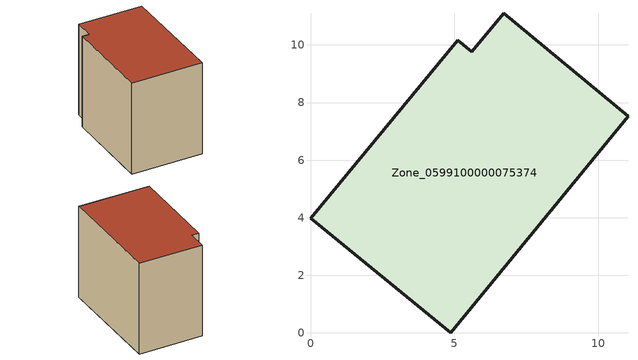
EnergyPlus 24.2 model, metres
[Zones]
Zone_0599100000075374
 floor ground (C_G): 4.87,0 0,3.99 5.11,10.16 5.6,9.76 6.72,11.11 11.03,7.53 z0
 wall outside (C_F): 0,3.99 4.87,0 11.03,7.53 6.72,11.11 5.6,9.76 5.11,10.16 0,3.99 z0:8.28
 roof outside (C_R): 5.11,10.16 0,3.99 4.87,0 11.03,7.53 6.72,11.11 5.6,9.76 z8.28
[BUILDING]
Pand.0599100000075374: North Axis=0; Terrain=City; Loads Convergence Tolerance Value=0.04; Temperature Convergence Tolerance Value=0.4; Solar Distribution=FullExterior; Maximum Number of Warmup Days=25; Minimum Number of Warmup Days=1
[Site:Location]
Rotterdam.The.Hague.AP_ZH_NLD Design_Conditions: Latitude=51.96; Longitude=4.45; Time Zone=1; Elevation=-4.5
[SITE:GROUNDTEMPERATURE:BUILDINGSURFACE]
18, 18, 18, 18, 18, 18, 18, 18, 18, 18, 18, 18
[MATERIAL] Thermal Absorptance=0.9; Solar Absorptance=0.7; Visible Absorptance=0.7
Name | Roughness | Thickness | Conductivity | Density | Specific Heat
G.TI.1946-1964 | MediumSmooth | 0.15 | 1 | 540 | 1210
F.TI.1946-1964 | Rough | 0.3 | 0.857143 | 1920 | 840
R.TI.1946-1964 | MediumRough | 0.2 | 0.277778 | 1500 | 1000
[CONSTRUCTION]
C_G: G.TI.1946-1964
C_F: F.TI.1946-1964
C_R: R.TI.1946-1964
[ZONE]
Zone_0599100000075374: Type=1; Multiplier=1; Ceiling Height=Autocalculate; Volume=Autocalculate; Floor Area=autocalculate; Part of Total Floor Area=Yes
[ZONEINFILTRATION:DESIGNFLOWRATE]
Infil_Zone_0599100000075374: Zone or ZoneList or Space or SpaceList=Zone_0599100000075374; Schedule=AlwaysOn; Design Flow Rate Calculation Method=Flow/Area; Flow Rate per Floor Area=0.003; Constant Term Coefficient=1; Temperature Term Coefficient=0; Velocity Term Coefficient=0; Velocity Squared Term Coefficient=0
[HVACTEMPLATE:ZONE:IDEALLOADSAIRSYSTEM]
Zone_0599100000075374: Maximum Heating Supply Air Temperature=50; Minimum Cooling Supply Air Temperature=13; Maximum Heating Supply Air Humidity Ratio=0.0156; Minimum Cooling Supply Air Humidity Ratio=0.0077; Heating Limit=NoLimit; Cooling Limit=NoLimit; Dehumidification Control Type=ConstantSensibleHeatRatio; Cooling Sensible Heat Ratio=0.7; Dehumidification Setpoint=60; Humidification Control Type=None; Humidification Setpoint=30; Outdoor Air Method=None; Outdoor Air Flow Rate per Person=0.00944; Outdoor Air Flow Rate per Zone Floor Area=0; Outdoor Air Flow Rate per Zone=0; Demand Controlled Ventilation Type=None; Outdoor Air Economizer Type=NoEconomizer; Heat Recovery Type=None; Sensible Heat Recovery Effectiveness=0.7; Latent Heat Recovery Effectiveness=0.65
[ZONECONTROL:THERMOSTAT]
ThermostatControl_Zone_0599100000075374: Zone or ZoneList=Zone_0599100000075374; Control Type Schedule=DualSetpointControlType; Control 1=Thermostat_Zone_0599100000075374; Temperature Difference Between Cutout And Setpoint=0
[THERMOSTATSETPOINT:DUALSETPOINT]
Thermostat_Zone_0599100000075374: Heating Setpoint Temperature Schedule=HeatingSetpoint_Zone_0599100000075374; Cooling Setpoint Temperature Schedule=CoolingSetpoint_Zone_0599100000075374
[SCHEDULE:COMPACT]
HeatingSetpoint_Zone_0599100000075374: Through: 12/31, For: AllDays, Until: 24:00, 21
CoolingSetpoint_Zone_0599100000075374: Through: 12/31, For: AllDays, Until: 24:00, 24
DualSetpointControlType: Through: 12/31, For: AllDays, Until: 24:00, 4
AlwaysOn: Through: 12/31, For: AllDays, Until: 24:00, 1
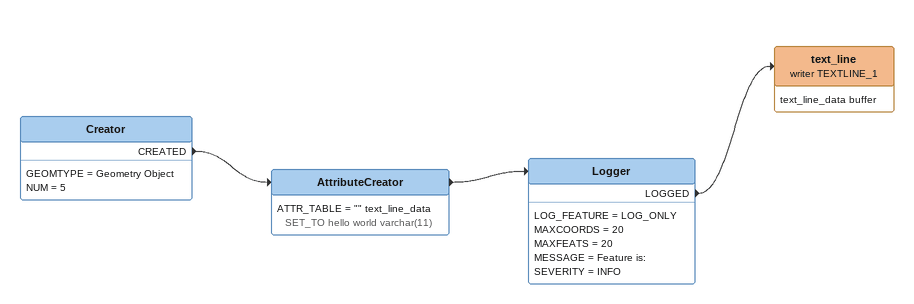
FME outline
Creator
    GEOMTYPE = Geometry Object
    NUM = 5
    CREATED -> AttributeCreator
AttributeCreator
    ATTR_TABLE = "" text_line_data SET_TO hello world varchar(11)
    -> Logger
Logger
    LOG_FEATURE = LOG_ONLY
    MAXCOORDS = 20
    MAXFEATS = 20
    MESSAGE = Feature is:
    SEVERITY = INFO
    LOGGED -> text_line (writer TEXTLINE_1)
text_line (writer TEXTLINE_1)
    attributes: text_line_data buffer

+ + +

▸ **Assignment**
Since only the text is needed, retype the data above exactly and omit the pictures.

▸ **Final answer**
EnergyPlus 24.2 model, metres
[Zones]
Zone_0599100000075374
 floor ground (C_G): 4.87,0 0,3.99 5.11,10.16 5.6,9.76 6.72,11.11 11.03,7.53 z0
 wall outside (C_F): 0,3.99 4.87,0 11.03,7.53 6.72,11.11 5.6,9.76 5.11,10.16 0,3.99 z0:8.28
 roof outside (C_R): 5.11,10.16 0,3.99 4.87,0 11.03,7.53 6.72,11.11 5.6,9.76 z8.28
[BUILDING]
Pand.0599100000075374: North Axis=0; Terrain=City; Loads Convergence Tolerance Value=0.04; Temperature Convergence Tolerance Value=0.4; Solar Distribution=FullExterior; Maximum Number of Warmup Days=25; Minimum Number of Warmup Days=1
[Site:Location]
Rotterdam.The.Hague.AP_ZH_NLD Design_Conditions: Latitude=51.96; Longitude=4.45; Time Zone=1; Elevation=-4.5
[SITE:GROUNDTEMPERATURE:BUILDINGSURFACE]
18, 18, 18, 18, 18, 18, 18, 18, 18, 18, 18, 18
[MATERIAL] Thermal Absorptance=0.9; Solar Absorptance=0.7; Visible Absorptance=0.7
Name | Roughness | Thickness | Conductivity | Density | Specific Heat
G.TI.1946-1964 | MediumSmooth | 0.15 | 1 | 540 | 1210
F.TI.1946-1964 | Rough | 0.3 | 0.857143 | 1920 | 840
R.TI.1946-1964 | MediumRough | 0.2 | 0.277778 | 1500 | 1000
[CONSTRUCTION]
C_G: G.TI.1946-1964
C_F: F.TI.1946-1964
C_R: R.TI.1946-1964
[ZONE]
Zone_0599100000075374: Type=1; Multiplier=1; Ceiling Height=Autocalculate; Volume=Autocalculate; Floor Area=autocalculate; Part of Total Floor Area=Yes
[ZONEINFILTRATION:DESIGNFLOWRATE]
Infil_Zone_0599100000075374: Zone or ZoneList or Space or SpaceList=Zone_0599100000075374; Schedule=AlwaysOn; Design Flow Rate Calculation Method=Flow/Area; Flow Rate per Floor Area=0.003; Constant Term Coefficient=1; Temperature Term Coefficient=0; Velocity Term Coefficient=0; Velocity Squared Term Coefficient=0
[HVACTEMPLATE:ZONE:IDEALLOADSAIRSYSTEM]
Zone_0599100000075374: Maximum Heating Supply Air Temperature=50; Minimum Cooling Supply Air Temperature=13; Maximum Heating Supply Air Humidity Ratio=0.0156; Minimum Cooling Supply Air Humidity Ratio=0.0077; Heating Limit=NoLimit; Cooling Limit=NoLimit; Dehumidification Control Type=ConstantSensibleHeatRatio; Cooling Sensible Heat Ratio=0.7; Dehumidification Setpoint=60; Humidification Control Type=None; Humidification Setpoint=30; Outdoor Air Method=None; Outdoor Air Flow Rate per Person=0.00944; Outdoor Air Flow Rate per Zone Floor Area=0; Outdoor Air Flow Rate per Zone=0; Demand Controlled Ventilation Type=None; Outdoor Air Economizer Type=NoEconomizer; Heat Recovery Type=None; Sensible Heat Recovery Effectiveness=0.7; Latent Heat Recovery Effectiveness=0.65
[ZONECONTROL:THERMOSTAT]
ThermostatControl_Zone_0599100000075374: Zone or ZoneList=Zone_0599100000075374; Control Type Schedule=DualSetpointControlType; Control 1=Thermostat_Zone_0599100000075374; Temperature Difference Between Cutout And Setpoint=0
[THERMOSTATSETPOINT:DUALSETPOINT]
Thermostat_Zone_0599100000075374: Heating Setpoint Temperature Schedule=HeatingSetpoint_Zone_0599100000075374; Cooling Setpoint Temperature Schedule=CoolingSetpoint_Zone_0599100000075374
[SCHEDULE:COMPACT]
HeatingSetpoint_Zone_0599100000075374: Through: 12/31, For: AllDays, Until: 24:00, 21
CoolingSetpoint_Zone_0599100000075374: Through: 12/31, For: AllDays, Until: 24:00, 24
DualSetpointControlType: Through: 12/31, For: AllDays, Until: 24:00, 4
AlwaysOn: Through: 12/31, For: AllDays, Until: 24:00, 1
FME outline
Creator
    GEOMTYPE = Geometry Object
    NUM = 5
    CREATED -> AttributeCreator
AttributeCreator
    ATTR_TABLE = "" text_line_data SET_TO hello world varchar(11)
    -> Logger
Logger
    LOG_FEATURE = LOG_ONLY
    MAXCOORDS = 20
    MAXFEATS = 20
    MESSAGE = Feature is:
    SEVERITY = INFO
    LOGGED -> text_line (writer TEXTLINE_1)
text_line (writer TEXTLINE_1)
    attributes: text_line_data buffer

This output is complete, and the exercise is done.